On 27.07.2016 17:42, Ken Thomases wrote:
64-bit Windows apps have hard-coded accesses to %gs:0x58 baked into them. They need to find the ThreadLocalStoragePointer there.
Technically, the gsbase register and the memory it points to belong to the pthread implementation on macOS. It's used for the pthread TLS implementation. Slot 11 (offset 0x58) is currently used for the implementation of the ttyname() system library function. We do not anticipate that Wine or any of the system libraries or frameworks it uses will call ttyname().
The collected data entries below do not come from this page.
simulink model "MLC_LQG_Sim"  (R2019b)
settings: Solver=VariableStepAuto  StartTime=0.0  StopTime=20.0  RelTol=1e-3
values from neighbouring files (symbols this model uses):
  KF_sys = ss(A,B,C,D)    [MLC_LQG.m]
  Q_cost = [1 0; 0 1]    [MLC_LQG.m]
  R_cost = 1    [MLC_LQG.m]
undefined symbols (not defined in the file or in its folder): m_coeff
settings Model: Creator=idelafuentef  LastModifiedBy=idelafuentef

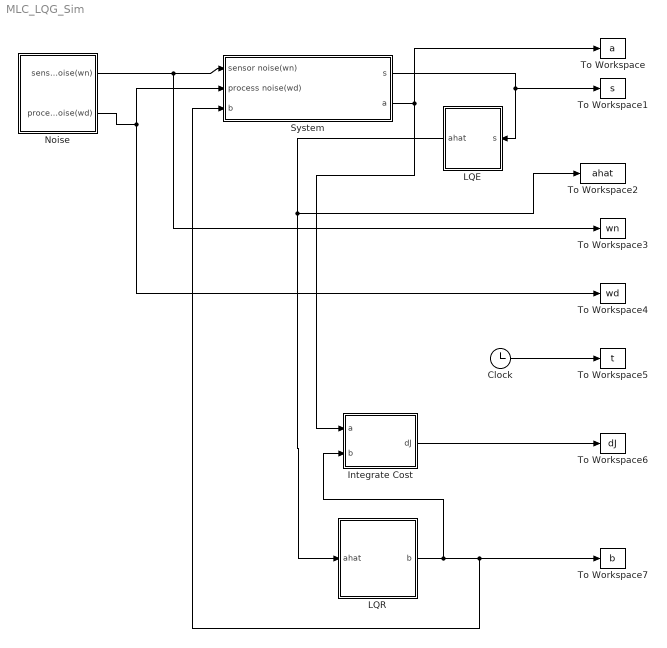
== system MLC_LQG_Sim ==
  Clock : Clock
      settings: Decimation=20
  Integrate Cost : Subsystem
  LQE : Subsystem
  LQR : Subsystem
  Noise : Subsystem
  System : Subsystem
  To Workspace : ToWorkspace  VariableName=a  SaveFormat=Timeseries  SampleTime=-1
  To Workspace1 : ToWorkspace  VariableName=s  SaveFormat=Timeseries  SampleTime=-1
  To Workspace2 : ToWorkspace  VariableName=ahat  SaveFormat=Timeseries  SampleTime=-1
  To Workspace3 : ToWorkspace  VariableName=wn  SaveFormat=Timeseries  SampleTime=-1
  To Workspace4 : ToWorkspace  VariableName=wd  SaveFormat=Timeseries  SampleTime=-1
  To Workspace5 : ToWorkspace  VariableName=t  SaveFormat=Timeseries  SampleTime=-1
  To Workspace6 : ToWorkspace  VariableName=dJ  SaveFormat=Timeseries  SampleTime=-1
  To Workspace7 : ToWorkspace  VariableName=b  SaveFormat=Timeseries  SampleTime=-1
  wires:
  Integrate Cost/1(dJ) -> To Workspace6/1
  LQE/1(ahat) -> To Workspace2/1, LQR/1(ahat)
  Noise/1(sensor noise(wn)) -> To Workspace3/1, System/1(sensor noise(wn))
  Noise/2(process noise(wd)) -> To Workspace4/1, System/2(process noise(wd))
  Clock/1 -> To Workspace5/1
  System/1(s) -> To Workspace1/1, LQE/1(s)
  System/2(a) -> Integrate Cost/1(a), To Workspace/1
  LQR/1(b) -> Integrate Cost/2(b), To Workspace7/1, System/3(b)

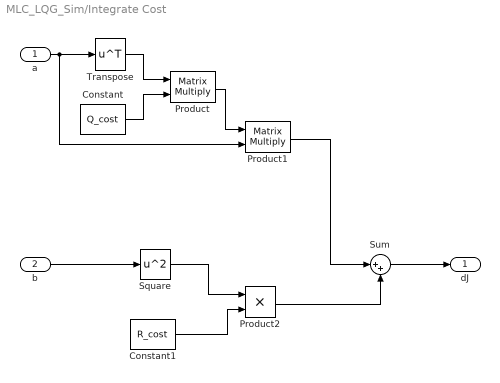
== system MLC_LQG_Sim/Integrate Cost ==
  a : Inport
  b : Inport  Port=2
  Constant : Constant  Value=Q_cost
  Constant1 : Constant  Value=R_cost
  Product : Product  Multiplication=Matrix(*)
  Product1 : Product  Multiplication=Matrix(*)
  Product2 : Product
  Square : Math  Operator=square  SignedPower=off  SaturateOnIntegerOverflow=on
  Sum : Sum  Inputs=|++
  Transpose : Math  Operator=transpose  SignedPower=off  SaturateOnIntegerOverflow=on
  dJ : Outport
  wires:
  Sum/1 -> dJ/1
  a/1 -> Product1/2, Transpose/1
  Transpose/1 -> Product/1
  Constant/1 -> Product/2
  Product/1 -> Product1/1
  Product1/1 -> Sum/1
  b/1 -> Square/1
  Square/1 -> Product2/1
  Constant1/1 -> Product2/2
  Product2/1 -> Sum/2

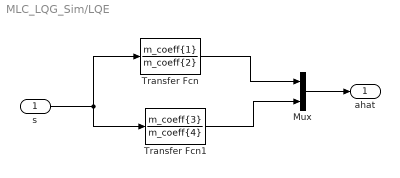
== system MLC_LQG_Sim/LQE ==
  s : Inport
  Mux : Mux  Inputs=2
  Transfer Fcn : TransferFcn  Numerator=m_coeff{1}  Denominator=m_coeff{2}
  Transfer Fcn1 : TransferFcn  Numerator=m_coeff{3}  Denominator=m_coeff{4}
  ahat : Outport
  wires:
  s/1 -> Transfer Fcn1/1, Transfer Fcn/1
  Transfer Fcn/1 -> Mux/1
  Mux/1 -> ahat/1
  Transfer Fcn1/1 -> Mux/2

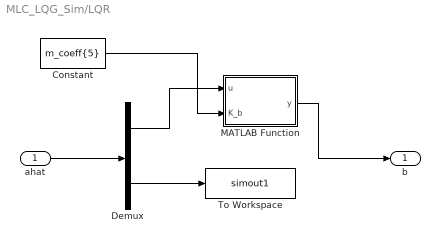
== system MLC_LQG_Sim/LQR ==
  ahat : Inport
  Constant : Constant  Value=m_coeff{5}
  Demux : Demux  Outputs=2
  MATLAB Function : MATLAB Function  TreatAsAtomicUnit=on
  To Workspace : ToWorkspace  VariableName=simout1  SaveFormat=Timeseries  SampleTime=-1
  b : Outport
  wires:
  ahat/1 -> Demux/1
  Demux/1 -> MATLAB Function/1(u)
  MATLAB Function/1(y) -> b/1
  Demux/2 -> To Workspace/1
  Constant/1 -> MATLAB Function/2(K_b)

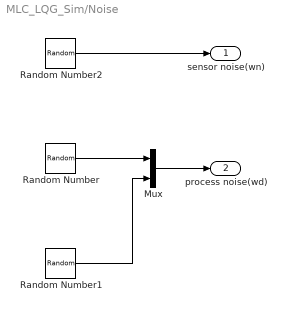
== system MLC_LQG_Sim/Noise ==
  Mux : Mux  Inputs=2
  Random Number : RandomNumber  SampleTime=0.01
  Random Number1 : RandomNumber  Mean=1  SampleTime=0.01
  Random Number2 : RandomNumber  Variance=0.1  SampleTime=0.01
  sensor noise(wn) : Outport
  process noise(wd) : Outport  Port=2  PortDimensions=2
  wires:
  Random Number2/1 -> sensor noise(wn)/1
  Random Number/1 -> Mux/1
  Random Number1/1 -> Mux/2
  Mux/1 -> process noise(wd)/1

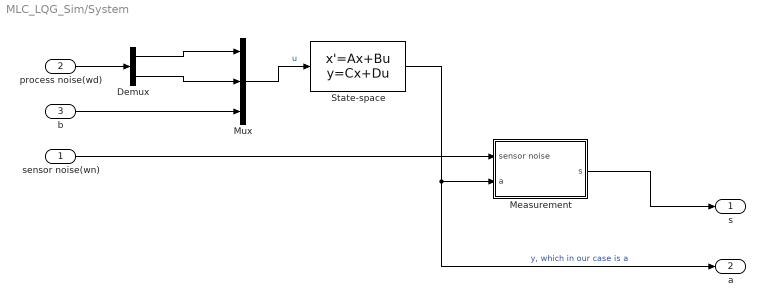
== system MLC_LQG_Sim/System ==
  sensor noise(wn) : Inport
  process noise(wd) : Inport  Port=2
  b : Inport  Port=3
  Demux : Demux  Outputs=2
  Measurement : Subsystem
  Mux : Mux  Inputs=3
  State-space : StateSpace  A=KF_sys.A  B=KF_sys.B  C=KF_sys.C  D=KF_sys.D  InitialCondition=[1 0]
  s : Outport
  a : Outport  Port=2
  wires:
  State-space/1 -> Measurement/2(a), a/1  "y, which in our case is a"
  Measurement/1(s) -> s/1
  sensor noise(wn)/1 -> Measurement/1(sensor noise)
  process noise(wd)/1 -> Demux/1
  Demux/1 -> Mux/1
  Mux/1 -> State-space/1  "u"
  Demux/2 -> Mux/2
  b/1 -> Mux/3

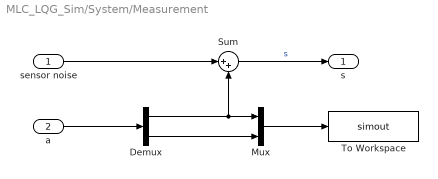
== system MLC_LQG_Sim/System/Measurement ==
  sensor noise : Inport
  a : Inport  Port=2
  Demux : Demux  Outputs=2
  Mux : Mux  Inputs=2
  Sum : Sum  Inputs=|++
  To Workspace : ToWorkspace  VariableName=simout  SaveFormat=Timeseries  SampleTime=-1
  s : Outport
  wires:
  Sum/1 -> s/1  "s"
  Demux/1 -> Mux/1, Sum/2
  sensor noise/1 -> Sum/1
  a/1 -> Demux/1
  Demux/2 -> Mux/2
  Mux/1 -> To Workspace/1

== matlab function MLC_LQG_Sim/LQR/MATLAB Function ==
  data: u input; y output; K_b input
function y = fcn(u,K_b)
    y=0;
    for i=1:length(K_b)
        y=y+K_b(i)*u^(i-1);
    end
end

Furthermore, Apple has made it so that future releases of macOS will no longer use that slot. So, we hijack it for our purposes.
Signed-off-by: Ken Thomases ken@codeweavers.com
dlls/ntdll/loader.c | 11 +++++++- dlls/ntdll/signal_x86_64.c | 62 ++++++++++++++++++++++++++++++++++++++++++++++ 2 files changed, 72 insertions(+), 1 deletion(-)
I'm not sure if I correctly understand the purpose of this patch. If you have to set %gs:0x58 to some specific value, why not just use an assembly instruction for that?
On Jul 27, 2016, at 11:06 AM, Sebastian Lackner sebastian@fds-team.de wrote:
On 27.07.2016 17:42, Ken Thomases wrote:
64-bit Windows apps have hard-coded accesses to %gs:0x58 baked into them. They need to find the ThreadLocalStoragePointer there.
Technically, the gsbase register and the memory it points to belong to the pthread implementation on macOS. It's used for the pthread TLS implementation. Slot 11 (offset 0x58) is currently used for the implementation of the ttyname() system library function. We do not anticipate that Wine or any of the system libraries or frameworks it uses will call ttyname(). Furthermore, Apple has made it so that future releases of macOS will no longer use that slot. So, we hijack it for our purposes.
Signed-off-by: Ken Thomases ken@codeweavers.com
dlls/ntdll/loader.c | 11 +++++++- dlls/ntdll/signal_x86_64.c | 62 ++++++++++++++++++++++++++++++++++++++++++++++ 2 files changed, 72 insertions(+), 1 deletion(-)
I'm not sure if I correctly understand the purpose of this patch. If you have to set %gs:0x58 to some specific value, why not just use an assembly instruction for that?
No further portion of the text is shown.